**YOUR INSTRUCTIONS:** Check each line of the entries below for the word "units", and copy out the ones that have it.

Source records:
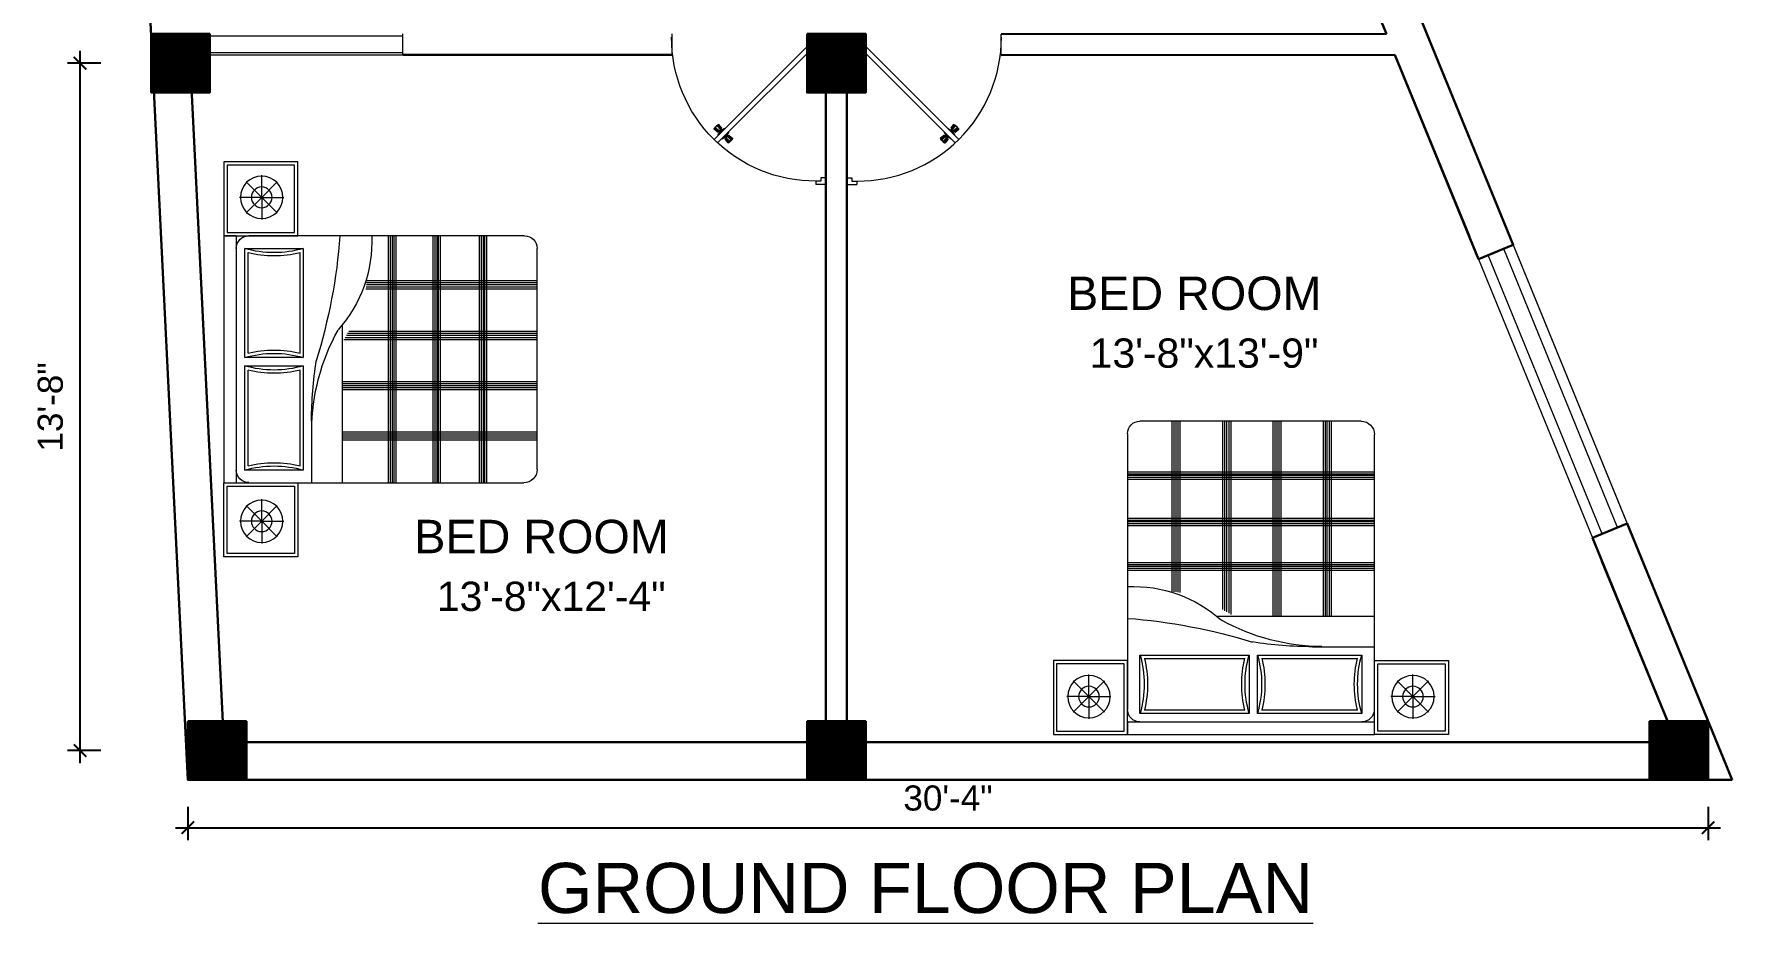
# Model space of a CAD drawing. Header units: inches. Extents: x -6683 to 26091, y -5972 to 4741.
# Drawn here: x 16677.5 to 17083.6, y -1191 to -978.3 of the extents above; entities that cross this region are included whole.
import ezdxf

# ---------------------------------------------------------------- set-up
doc = ezdxf.new("R2010")
doc.units = ezdxf.units.IN
doc.header["$MEASUREMENT"] = 0
for name, color, linetype, lineweight in [('A-FURN', 9, 'Continuous', 5), ('hatch-.09', 8, 'Continuous', 9), ('Label', 7, 'Continuous', 13), ('PUERTAS', 7, 'Continuous', 9), ('Text', 7, 'Continuous', 13), ('WALL', 12, 'Continuous', 30), ('wall2', 1, 'Continuous', 15), ('windoow', 4, 'Continuous', 5)]:
    doc.layers.add(name, color=color, linetype=linetype, lineweight=lineweight)
doc.layers.add('furniture', color=253, linetype='Continuous')
doc.styles.add('arial 1000', font='arial.ttf')
doc.styles.add('dim', font='arial.ttf', dxfattribs={"height": 7})
doc.styles.get("Standard").update_dxf_attribs({"font": 'arial.ttf'})
doc.dimstyles.new("1-8'", dxfattribs={"dimtxt": 6, "dimasz": 3, "dimexe": 3, "dimexo": 6, "dimgap": 4, "dimtad": 1, "dimdec": 0, "dimzin": 0, "dimdsep": 46, "dimlunit": 4, "dimtxsty": 'arial 1000', "dimblk": 'ARCHTICK', "dimcen": 8, "dimdle": 3, "dimclrt": 7, "dimazin": 0, "dimtfac": 1, "dimtdec": 0, "dimtix": 1, "dimtmove": 2, "dimatfit": 3, "dimfxl": 5, "dimfxlon": 1, "dimarcsym": 0})

# ---------------------------------------------------------------- blocks, each defined once
blk = doc.blocks.new('A$C3AED30AC')
at = {"layer": 'A-FURN', "color": 147, "linetype": 'ByBlock'}
for p, q in [((0, 1532), (0, 1982)), ((0, 1982), (450, 1982)), ((450, 1982), (1950, 1982)), ((450, 1982), (450, 1532)), ((450, 1906), (450, 1982)), ((1950, 1982), (1950, 1532)), ((2400, 1982), (1950, 1982)), ((2400, 1532), (2400, 1982)), ((450, 1906), (1950, 1906)), ((450, 155), (450, 1830)), ((1950, 1830), (1950, 159)), ((450, 1532), (0, 1532)), ((1950, 1532), (2400, 1532)), ((1870, 79), (526, 79))]:
    blk.add_line(p, q, dxfattribs=at)
at = {"layer": 'A-FURN', "color": 8}
for p, q in [((20, 1552), (20, 1962)), ((20, 1962), (430, 1962)), ((430, 1962), (430, 1552)), ((1970, 1962), (1970, 1552)), ((2380, 1962), (1970, 1962)), ((2380, 1552), (2380, 1962)), ((430, 1552), (20, 1552)), ((1970, 1552), (2380, 1552))]:
    blk.add_line(p, q, dxfattribs=at)
at = {"layer": 'A-FURN', "color": 5, "linetype": 'ByBlock'}
for p, q in [((216, 1752), (216, 1887)), ((2184, 1752), (2184, 1887)), ((216, 1752), (121, 1847)), ((216, 1752), (311, 1847)), ((526, 1855), (526, 1500)), ((1189, 1855), (526, 1855)), ((1189, 1500), (1189, 1855)), ((1873, 1855), (1240, 1855)), ((1240, 1855), (1240, 1500)), ((1873, 1500), (1873, 1855)), ((2184, 1752), (2089, 1847)), ((2184, 1752), (2279, 1847)), ((216, 1752), (82, 1752)), ((216, 1752), (121, 1657)), ((216, 1752), (216, 1752)), ((216, 1752), (216, 1752)), ((216, 1752), (216, 1752)), ((216, 1752), (350, 1752)), ((216, 1752), (216, 1618)), ((216, 1752), (311, 1657)), ((2184, 1752), (2049, 1752)), ((2184, 1752), (2089, 1657)), ((2184, 1752), (2318, 1752)), ((2184, 1752), (2184, 1752)), ((2184, 1752), (2184, 1752)), ((2184, 1752), (2184, 1752)), ((2184, 1752), (2279, 1657)), ((2184, 1752), (2184, 1618)), ((526, 1500), (1189, 1500)), ((1240, 1500), (1873, 1500)), ((1574, 1449), (1950, 1449)), ((996, 1264), (1950, 1264))]:
    blk.add_line(p, q, dxfattribs=at)
at = {"layer": 'A-FURN', "color": 9}
for p, q in [((1163, 1835), (552, 1835)), ((1847, 1835), (1266, 1835)), ((552, 1520), (1163, 1520)), ((1266, 1520), (1847, 1520))]:
    blk.add_line(p, q, dxfattribs=at)
at = {"layer": 'A-FURN', "color": 8, "linetype": 'Continuous'}
for p, q in [((1067, 1245), (1067, 79)), ((1079, 1253), (1079, 79)), ((1335, 1264), (1335, 79)), ((1347, 1264), (1347, 79)), ((1359, 1264), (1359, 79)), ((1372, 1264), (1372, 79)), ((1384, 1264), (1384, 79)), ((1640, 1264), (1640, 79)), ((1652, 1264), (1652, 79)), ((1664, 1264), (1664, 79)), ((1677, 1264), (1677, 79)), ((1689, 1264), (1689, 79)), ((1030, 1223), (1030, 79)), ((1042, 1230), (1042, 79)), ((1054, 1237), (1054, 79)), ((722, 1115), (722, 79)), ((734, 1115), (734, 79)), ((746, 1115), (746, 79)), ((759, 1117), (759, 79)), ((771, 1120), (771, 79)), ((450, 983), (1950, 983)), ((450, 971), (1950, 971)), ((450, 959), (1950, 959)), ((450, 950), (1950, 950)), ((450, 938), (1950, 938)), ((450, 713), (1950, 713)), ((450, 701), (1950, 701)), ((450, 689), (1950, 689)), ((450, 680), (1950, 680)), ((450, 668), (1950, 668)), ((450, 431), (1950, 431)), ((450, 419), (1950, 419)), ((450, 407), (1950, 407)), ((450, 398), (1950, 398)), ((450, 386), (1950, 386))]:
    blk.add_line(p, q, dxfattribs=at)
at = {"layer": 'A-FURN', "color": 5, "linetype": 'ByBlock'}
for centre, radius in [((216, 1752), 129), ((2184, 1752), 129), ((216, 1752), 62.8), ((2184, 1752), 62.8)]:
    blk.add_circle(centre, radius, dxfattribs=at)
at = {"layer": 'A-FURN', "color": 147, "linetype": 'ByBlock'}
for centre, radius, start, end in [((526, 1830), 76.2, 90, 180), ((1873, 1830), 76.2, 0, 90), ((526, 155), 76.2, 180, 270), ((1870, 159), 80, 270, 0)]:
    blk.add_arc(centre, radius, start, end, dxfattribs=at)
at = {"layer": 'A-FURN', "color": 5, "linetype": 'ByBlock'}
for centre, radius, start, end in [((-83, 1677), 635, 343.7398, 16.2602), ((1799, 1677), 635, 163.7398, 196.2602), ((630, 1677), 635, 343.7398, 16.2602), ((2483, 1677), 635, 163.7398, 196.2602), ((1639, 177), 1271, 90.3564, 119.0389), ((1573, -870), 2319, 89.9801, 99.0312), ((194, 4689), 3422, 274.2889, 287.25), ((485, 1886), 803, 267.4969, 311.9132)]:
    blk.add_arc(centre, radius, start, end, dxfattribs=at)
at = {"layer": 'A-FURN', "color": 9}
for centre, start, end in [((-83, 1677), 346.0594, 13.9406), ((1799, 1677), 166.0594, 193.9406), ((630, 1677), 346.0594, 13.9406), ((2483, 1677), 166.0594, 193.9406)]:
    blk.add_arc(centre, 655, start, end, dxfattribs=at)
blk = doc.blocks.new('3ft')
at = {"layer": 'PUERTAS', "color": 2}
for p, q in [((1.01, 2.52), (25.23, 26.74)), ((26.05, 25.92), (1.77, 1.64)), ((21.99, 26.11), (21.98, 26.13)), ((26.05, 25.92), (25.23, 26.74)), ((25.42, 22.68), (25.43, 22.67)), ((0, 2.4), (0, 0)), ((0.72, 2.4), (0, 2.4)), ((1.6, 0), (0, 0)), ((0.72, 1.52), (0.72, 2.44)), ((0.8, 1.52), (0.72, 1.52)), ((0.8, 1.52), (0.8, 2.41)), ((0.8, 1.2), (0.8, 1.52)), ((1.6, 1.2), (0.8, 1.2)), ((1.57, 1.84), (0.94, 2.47)), ((1.63, 1.89), (0.97, 2.55)), ((1.63, 1.89), (1.57, 1.84)), ((1.77, 1.64), (1.57, 1.84)), ((1.6, 0), (1.6, 1.2)), ((34.4, 0), (34.4, 1.2)), ((34.4, 1.2), (35.2, 1.2)), ((34.4, 0), (36, 0)), ((35.2, 1.2), (35.2, 2.4)), ((35.2, 2.4), (36, 2.4)), ((36, 0), (36, 2.4))]:
    blk.add_line(p, q, dxfattribs=at)
at = {"layer": 'PUERTAS', "color": 8}
for p, q in [((22.57, 24.94), (21.65, 25.68)), ((22.63, 24.99), (21.69, 25.75)), ((22.74, 25.1), (21.84, 25.9)), ((22.13, 26.28), (21.98, 26.13)), ((22.88, 25.24), (22.01, 26.06)), ((22.13, 26.28), (22.27, 26.42)), ((22.29, 26.41), (22.27, 26.42)), ((23.16, 25.52), (22.34, 26.39)), ((23.3, 25.66), (22.5, 26.56)), ((23.41, 25.77), (22.65, 26.71)), ((22.69, 24.32), (23.02, 24.83)), ((23.46, 25.83), (22.72, 26.75)), ((22.95, 24.96), (22.84, 25.07)), ((22.98, 24.99), (22.86, 25.1)), ((23.03, 25.04), (22.91, 25.15)), ((22.91, 24.53), (23.1, 24.91)), ((23.11, 25.12), (22.99, 25.23)), ((23.13, 24.76), (23.18, 24.99)), ((23.28, 25.3), (23.17, 25.41)), ((23.36, 25.37), (23.25, 25.49)), ((23.31, 24.94), (23.28, 25.08)), ((23.41, 25.43), (23.3, 25.54)), ((23.46, 25.09), (23.32, 25.13)), ((23.44, 25.45), (23.33, 25.56)), ((23.64, 25.27), (23.41, 25.22)), ((23.87, 25.49), (23.49, 25.3)), ((24.08, 25.71), (23.57, 25.38)), ((24.8, 24.56), (24.61, 24.18)), ((25.02, 24.77), (24.68, 24.26)), ((23.63, 23.38), (24.14, 23.72)), ((23.84, 23.6), (24.22, 23.79)), ((24.07, 23.82), (24.3, 23.88)), ((24.25, 24), (24.39, 23.97)), ((24.25, 23.26), (24.99, 22.34)), ((24.27, 23.64), (24.38, 23.53)), ((24.3, 23.67), (24.41, 23.56)), ((24.3, 23.32), (25.06, 22.38)), ((24.35, 23.72), (24.46, 23.61)), ((24.4, 24.15), (24.43, 24.01)), ((24.41, 23.43), (25.2, 22.53)), ((24.43, 23.8), (24.54, 23.69)), ((24.58, 24.33), (24.52, 24.1)), ((24.55, 23.57), (25.37, 22.7)), ((24.6, 23.97), (24.72, 23.86)), ((24.68, 24.05), (24.79, 23.94)), ((24.73, 24.1), (24.85, 23.99)), ((24.76, 24.13), (24.87, 24.02)), ((24.83, 23.85), (25.7, 23.03)), ((24.97, 23.99), (25.87, 23.2)), ((25.08, 24.1), (26.02, 23.34)), ((25.14, 24.15), (26.06, 23.41)), ((25.58, 22.82), (25.43, 22.67)), ((25.58, 22.82), (25.73, 22.97)), ((25.72, 22.98), (25.73, 22.97)), ((0, 0), (36, 0))]:
    blk.add_line(p, q, dxfattribs=at)
at = {"layer": 'PUERTAS', "color": 1}
for p, q in [((21.67, 25.73), (22.17, 26.23)), ((22.49, 24.95), (21.67, 25.61)), ((21.7, 25.82), (22.14, 26.26)), ((21.73, 25.79), (21.7, 25.82)), ((22.58, 26.7), (22.14, 26.26)), ((22.67, 26.73), (22.17, 26.23)), ((22.61, 26.67), (22.58, 26.7)), ((22.6, 24.96), (23.02, 25.38)), ((22.61, 24.25), (22.92, 24.72)), ((22.7, 25.07), (22.71, 25.06)), ((23.45, 25.91), (22.79, 26.73)), ((22.82, 25.06), (23.08, 25.32)), ((22.94, 24.95), (22.83, 25.07)), ((22.92, 24.72), (22.92, 24.72)), ((22.93, 24.94), (23.19, 25.21)), ((22.93, 24.84), (22.93, 24.83)), ((23.44, 25.81), (23.02, 25.38)), ((23.34, 25.58), (23.08, 25.32)), ((23.46, 25.47), (23.19, 25.21)), ((23.33, 25.7), (23.34, 25.69)), ((23.45, 25.46), (23.33, 25.57)), ((23.57, 25.47), (23.57, 25.47)), ((24.15, 25.79), (23.68, 25.48)), ((23.68, 25.48), (23.68, 25.48)), ((24.27, 25.78), (24.26, 25.79)), ((24.79, 24.38), (24.78, 24.37)), ((25.1, 24.84), (24.79, 24.38)), ((25.09, 24.96), (25.1, 24.95)), ((22.62, 24.13), (22.61, 24.14)), ((23.44, 23.31), (23.45, 23.3)), ((23.56, 23.3), (24.03, 23.61)), ((24.03, 23.61), (24.03, 23.62)), ((24.14, 23.62), (24.14, 23.62)), ((24.25, 23.62), (24.51, 23.89)), ((24.26, 23.29), (24.69, 23.71)), ((24.26, 23.63), (24.37, 23.52)), ((24.26, 23.18), (24.92, 22.37)), ((24.37, 23.52), (24.63, 23.77)), ((24.37, 23.4), (24.37, 23.4)), ((24.78, 24.15), (24.51, 23.89)), ((24.89, 24.03), (24.63, 23.77)), ((25.11, 24.14), (24.69, 23.71)), ((24.77, 24.14), (24.88, 24.03)), ((24.78, 24.26), (24.78, 24.26)), ((25, 24.03), (25, 24.03)), ((25.04, 22.36), (25.54, 22.86)), ((25.1, 22.42), (25.13, 22.39)), ((25.13, 22.39), (25.57, 22.83)), ((25.22, 24.14), (26.03, 23.48)), ((26.04, 23.37), (25.54, 22.86)), ((26.01, 23.27), (25.57, 22.83)), ((25.98, 23.3), (26.01, 23.27))]:
    blk.add_line(p, q, dxfattribs=at)
at = {"layer": 'PUERTAS', "color": 2}
for radius in [0.155, 0.0752]:
    blk.add_circle((0.82, 2.56), radius, dxfattribs=at)
at = {"layer": 'PUERTAS', "color": 8}
blk.add_arc((0.82, 2.56), 34.38, 359.7285, 90.0333, dxfattribs=at)
at = {"layer": 'PUERTAS', "color": 1}
for centre, start, end in [((22.54, 25.01), 231.0764, 315), ((22.73, 26.68), 38.9236, 135), ((22.77, 25.12), 225, 315), ((22.99, 24.89), 135, 219.7428), ((22.87, 24.78), 315, 39.7428), ((23.28, 25.63), 315, 45), ((23.39, 25.86), 315, 38.9236), ((23.51, 25.41), 50.2572, 135), ((23.62, 25.53), 230.2572, 315), ((24.2, 25.73), 45, 135), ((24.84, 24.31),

**ANSWER AREA:**
# Model space of a CAD drawing. Header units: inches. Extents: x -6683 to 26091, y -5972 to 4741.
doc.units = ezdxf.units.IN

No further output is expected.